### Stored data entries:

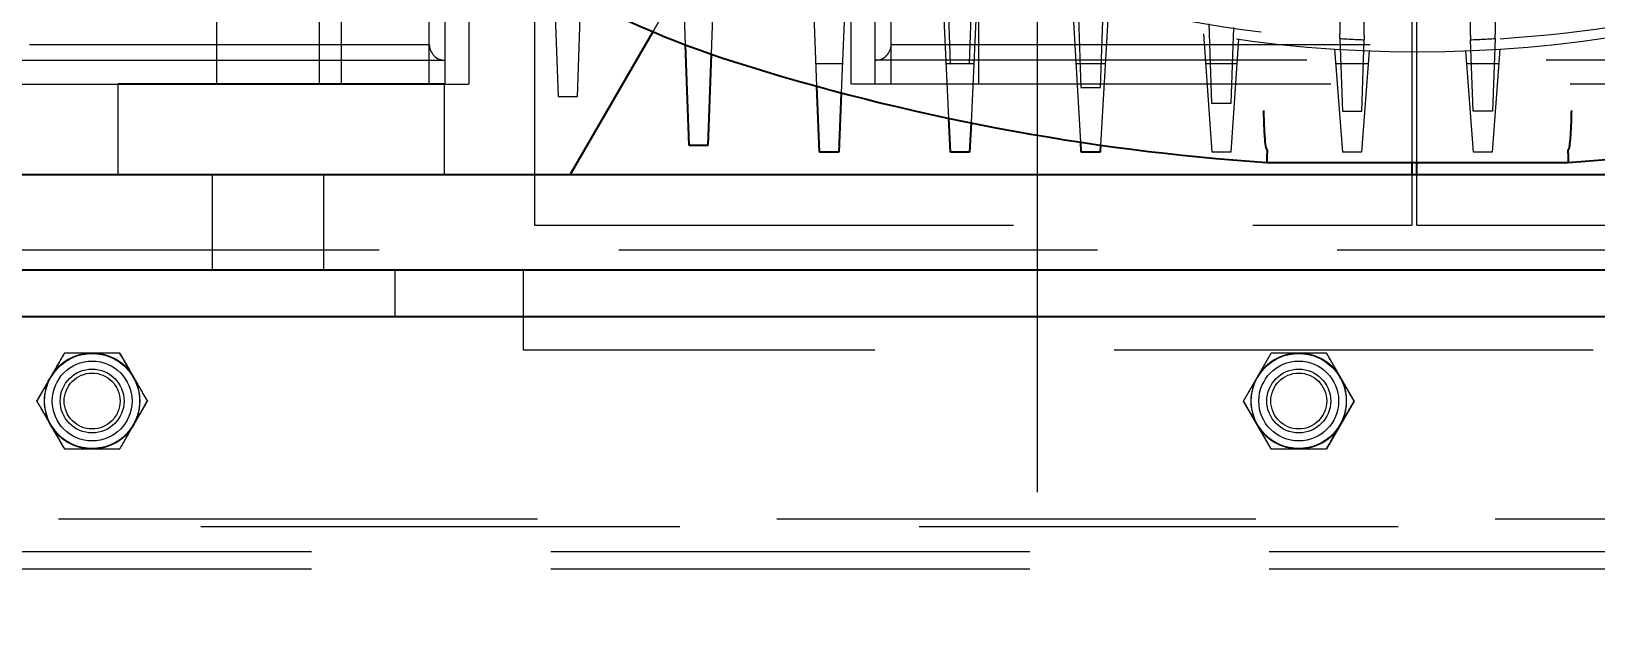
# Model space of a CAD drawing. Header units: millimetres. Extents: x 1293 to 41893, y 1011 to 26911.
# Drawn here: x 13190.9 to 13398.4, y 6410.7 to 6488.5 of the extents above; entities that cross this region are included whole.
import ezdxf

# ---------------------------------------------------------------- set-up
doc = ezdxf.new("R2010")
doc.units = ezdxf.units.MM
doc.header["$LTSCALE"] = 50
doc.linetypes.add('HIDDEN', pattern=[1.905, 1.27, -0.635])
doc.layers.add('CAPA_1', color=7, linetype='Continuous')
doc.styles.add('SLDTEXTSTYLE0', font='TXT', dxfattribs={"width": 0.75})
doc.dimstyles.new('SLDDIMSTYLE0', dxfattribs={"dimtxt": 100, "dimasz": 100, "dimexe": 0, "dimexo": 0.0625, "dimgap": 25, "dimtad": 2, "dimdec": 0, "dimlfac": 1.5, "dimrnd": 1e-09, "dimzin": 12, "dimdsep": 46, "dimtxsty": 'SLDTEXTSTYLE0', "dimsah": 1, "dimcen": 0.09, "dimadec": 0, "dimazin": 3, "dimtfac": 1, "dimtdec": 0, "dimtofl": 0, "dimtmove": 0, "dimatfit": 3, "dimfxl": 1, "dimfrac": 2, "dimtolj": 1, "dimtzin": 12, "dimarcsym": 0})

# ---------------------------------------------------------------- blocks, each defined once
blk = doc.blocks.new('_D_5')
at = {"layer": 'CAPA_1', "transparency": 16777216}
for p, q in [((11574.4, 7831.18), (17588.06, 7831.18)), ((17538.06, 7831.18), (17538.06, 4708.49)), ((16485.16, 4708.49), (17588.06, 4708.49))]:
    blk.add_line(p, q, dxfattribs=at)
for points in [[(17538.06, 7831.18), (17522.68, 7731.18), (17553.45, 7731.18)], [(17538.06, 4708.49), (17553.45, 4808.49), (17522.68, 4808.49)]]:
    blk.add_solid(points, dxfattribs=at)
at = {"layer": 'CAPA_1', "transparency": 16777216, "insert": (17409.15, 6122.06), "char_height": 100, "attachment_point": 1, "rotation": 90, "style": 'SLDTEXTSTYLE0'}
blk.add_mtext('4684', dxfattribs=at)
blk = doc.blocks.new('_D_15')
at = {"layer": 'CAPA_1', "transparency": 16777216}
for p, q in [((6530.12, 8742.38), (6530.12, 9415.65)), ((16745.16, 6492), (16745.16, 9415.65)), ((6530.12, 9365.65), (16745.16, 9365.65))]:
    blk.add_line(p, q, dxfattribs=at)
for points in [[(6530.12, 9365.65), (6630.12, 9350.26), (6630.12, 9381.03)], [(16745.16, 9365.65), (16645.16, 9381.03), (16645.16, 9350.26)]]:
    blk.add_solid(points, dxfattribs=at)
at = {"layer": 'CAPA_1', "transparency": 16777216, "insert": (11452.92, 9494.55), "char_height": 100, "attachment_point": 1, "style": 'SLDTEXTSTYLE0'}
blk.add_mtext('15323', dxfattribs=at)

msp = doc.modelspace()

# ---------------------------------------------------------------- linework, layer by layer
at = {"color": 1, "linetype": 'HIDDEN', "lineweight": 18}
for p, q in [((13232.0721537, 6481.4522048), (13232.0721537, 6830.7855382)), ((13243.7138204, 6481.4522048), (13243.7138204, 6830.7855382)), ((13245.8304871, 6481.4522048), (13245.8304871, 6830.7855382)), ((13249.0054871, 6481.4522048), (13249.0054871, 6830.7855382)), ((13299.6721537, 6481.4522048), (13299.6721537, 6830.7855382)), ((13302.8471537, 6481.4522048), (13302.8471537, 6830.7855382)), ((13304.9638204, 6481.4522048), (13304.9638204, 6830.7855382)), ((13316.6054871, 6481.4522048), (13316.6054871, 6830.7855382)), ((13374.0054871, 6619.4522048), (13374.0054871, 6471.0969069)), ((13374.6721537, 6471.0969069), (13374.6721537, 6619.4522048)), ((13257.6721537, 6589.4522048), (13257.6721537, 6462.7855382)), ((13324.3388204, 6586.1188715), (13324.3388204, 6422.7855382)), ((13312.7892378, 6579.6154906), (13312.7892378, 6484.2257332)), ((13315.3644079, 6577.5790623), (13315.3644079, 6484.2257332)), ((13330.1225711, 6567.8646417), (13330.1225711, 6481.0422674)), ((13332.6977412, 6567.0828543), (13332.6977412, 6481.0422674)), ((13347.4559045, 6561.2754791), (13347.4559045, 6478.9395858)), ((13350.0310745, 6560.7838371), (13350.0310745, 6478.9395858)), ((13364.7892378, 6558.1298698), (13364.7892378, 6477.8940044)), ((13367.3644079, 6557.9004916), (13367.3644079, 6477.8940044)), ((13382.1225711, 6557.9004916), (13382.1225711, 6477.8940044)), ((13384.6977412, 6558.1298698), (13384.6977412, 6477.8940044)), ((13258.9933506, 6531.2569258), (13260.7892378, 6479.8294449)), ((13263.3644079, 6479.8294449), (13264.9750634, 6525.9525855)), ((13276.6011855, 6516.9540344), (13277.6579042, 6486.6935726)), ((13281.1186272, 6485.4398511), (13282.0891596, 6513.2322607)), ((13295.1202747, 6481.1896075), (13294.130187, 6506.0922822)), ((13299.264127, 6503.4387042), (13298.3450134, 6480.3211697)), ((13312.2660477, 6499.2079384), (13312.7892378, 6484.2257332)), ((13215.5101562, 6497.0969069), (13215.5101562, 6481.4969069)), ((13229.1768228, 6481.4969069), (13229.1768228, 6497.0969069)), ((13312.6028182, 6476.9365658), (13311.6042457, 6497.9236677)), ((13315.3644079, 6484.2257332), (13315.8394355, 6497.828745)), ((13278.0260407, 6496.5444123), (13273.3381836, 6488.4248058)), ((13316.4842504, 6496.0580287), (13315.5455323, 6476.328894)), ((13329.6933577, 6493.3333324), (13330.1225711, 6481.0422674)), ((13330.0881884, 6473.7723496), (13329.0365559, 6492.023303)), ((13332.6977412, 6481.0422674), (13333.0953376, 6492.4279403)), ((13333.7404273, 6490.7825175), (13332.7380028, 6473.385565)), ((13347.0876175, 6489.4859431), (13347.4559045, 6478.9395858)), ((13350.0310745, 6478.9395858), (13350.3813977, 6488.971529)), ((12904.9638204, 6486.7438715), (13243.7138204, 6486.7438715)), ((13304.9638204, 6486.7438715), (13643.7138204, 6486.7438715)), ((13347.5102542, 6472.4302403), (13346.4348309, 6488.1371442)), ((13351.027314, 6487.4259871), (13350.0005822, 6472.4302403)), ((13364.4532264, 6487.5161126), (13364.7892378, 6477.8940044)), ((13367.3644079, 6477.8940044), (13367.6945896, 6487.349172)), ((13382.1225711, 6477.8940044), (13381.7923894, 6487.349172)), ((13385.0337526, 6487.5161126), (13384.6977412, 6477.8940044)), ((13364.8459663, 6472.4302403), (13363.8035431, 6486.1159459)), ((13368.3420078, 6485.8841427), (13367.3172407, 6472.4302403)), ((13382.1697383, 6472.4302403), (13381.1449712, 6485.8841427)), ((13385.6834358, 6486.1159459), (13384.6410126, 6472.4302403)), ((12902.8471537, 6484.6272048), (13245.8304871, 6484.6272048)), ((13295.0011682, 6484.1853723), (13298.4986475, 6484.1853723)), ((13645.8304871, 6484.6272048), (13302.8471537, 6484.6272048)), ((13312.2579178, 6484.1853723), (13315.9193459, 6484.1853723)), ((13312.7892378, 6484.2257332), (13315.3644079, 6484.2257332)), ((13329.4881828, 6484.1853723), (13333.3602952, 6484.1853723)), ((13346.7054015, 6484.1853723), (13350.8054349, 6484.1853723)), ((13363.9505925, 6484.1853723), (13368.2126145, 6484.1853723)), ((13381.2743644, 6484.1853723), (13385.5363864, 6484.1853723)), ((12899.6721537, 6481.4522048), (13249.0054871, 6481.4522048)), ((13202.4101562, 6481.4969069), (13202.4101562, 6469.4969069)), ((13245.7434895, 6481.4969069), (13202.4101562, 6481.4969069)), ((13245.7434895, 6469.4969069), (13245.7434895, 6481.4969069)), ((13649.0054871, 6481.4522048), (13299.6721537, 6481.4522048)), ((13330.1225711, 6481.0422674), (13332.6977412, 6481.0422674)), ((13260.7892378, 6479.8294449), (13263.3644079, 6479.8294449)), ((13347.4559045, 6478.9395858), (13350.0310745, 6478.9395858)), ((13364.7892378, 6477.8940044), (13367.3644079, 6477.8940044)), ((13384.6977412, 6477.8940044), (13382.1225711, 6477.8940044)), ((13350.0005822, 6472.4302403), (13347.5102542, 6472.4302403)), ((13367.3172407, 6472.4302403), (13364.8459663, 6472.4302403)), ((13384.6410126, 6472.4302403), (13382.1697383, 6472.4302403)), ((13214.9351562, 6469.4969069), (13214.9351562, 6456.7969069)), ((13229.7518228, 6456.7969069), (13229.7518228, 6469.4969069)), ((13374.0054871, 6469.4969069), (13374.0054871, 6462.7855382)), ((13374.6721537, 6462.7855382), (13374.6721537, 6469.4969069)), ((13257.6721537, 6462.7855382), (13374.0054871, 6462.7855382)), ((13374.6721537, 6462.7855382), (13491.0054871, 6462.7855382)), ((13618.0768228, 6459.4522048), (13173.6721537, 6459.4522048)), ((13239.2101562, 6450.6162403), (13239.2101562, 6456.7969069)), ((13256.2101562, 6446.2135736), (13256.2101562, 6456.7969069)), ((13198.9532221, 6445.8022048), (13199.0577521, 6445.8022048)), ((13493.2768228, 6446.2135736), (13256.2101562, 6446.2135736)), ((13351.6731386, 6439.4522048), (13355.3393129, 6445.8022048)), ((13362.6716613, 6445.8022048), (13366.3378355, 6439.4522048)), ((13193.4800933, 6442.581942), (13193.5323583, 6442.6724677)), ((13204.4786159, 6442.6724677), (13204.5308809, 6442.581942)), ((13355.3393129, 6433.1022048), (13351.6731386, 6439.4522048)), ((13366.3378355, 6439.4522048), (13362.6716613, 6433.1022048)), ((13193.5323583, 6436.231942), (13193.4800933, 6436.3224677)), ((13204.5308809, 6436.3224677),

### ACTIVITY:
Scan the entries above for the word "insert" and collect each line holding it.

### WRITTEN ANSWER:
at = {"layer": 'CAPA_1', "transparency": 16777216, "insert": (17409.15, 6122.06), "char_height": 100, "attachment_point": 1, "rotation": 90, "style": 'SLDTEXTSTYLE0'}
at = {"layer": 'CAPA_1', "transparency": 16777216, "insert": (11452.92, 9494.55), "char_height": 100, "attachment_point": 1, "style": 'SLDTEXTSTYLE0'}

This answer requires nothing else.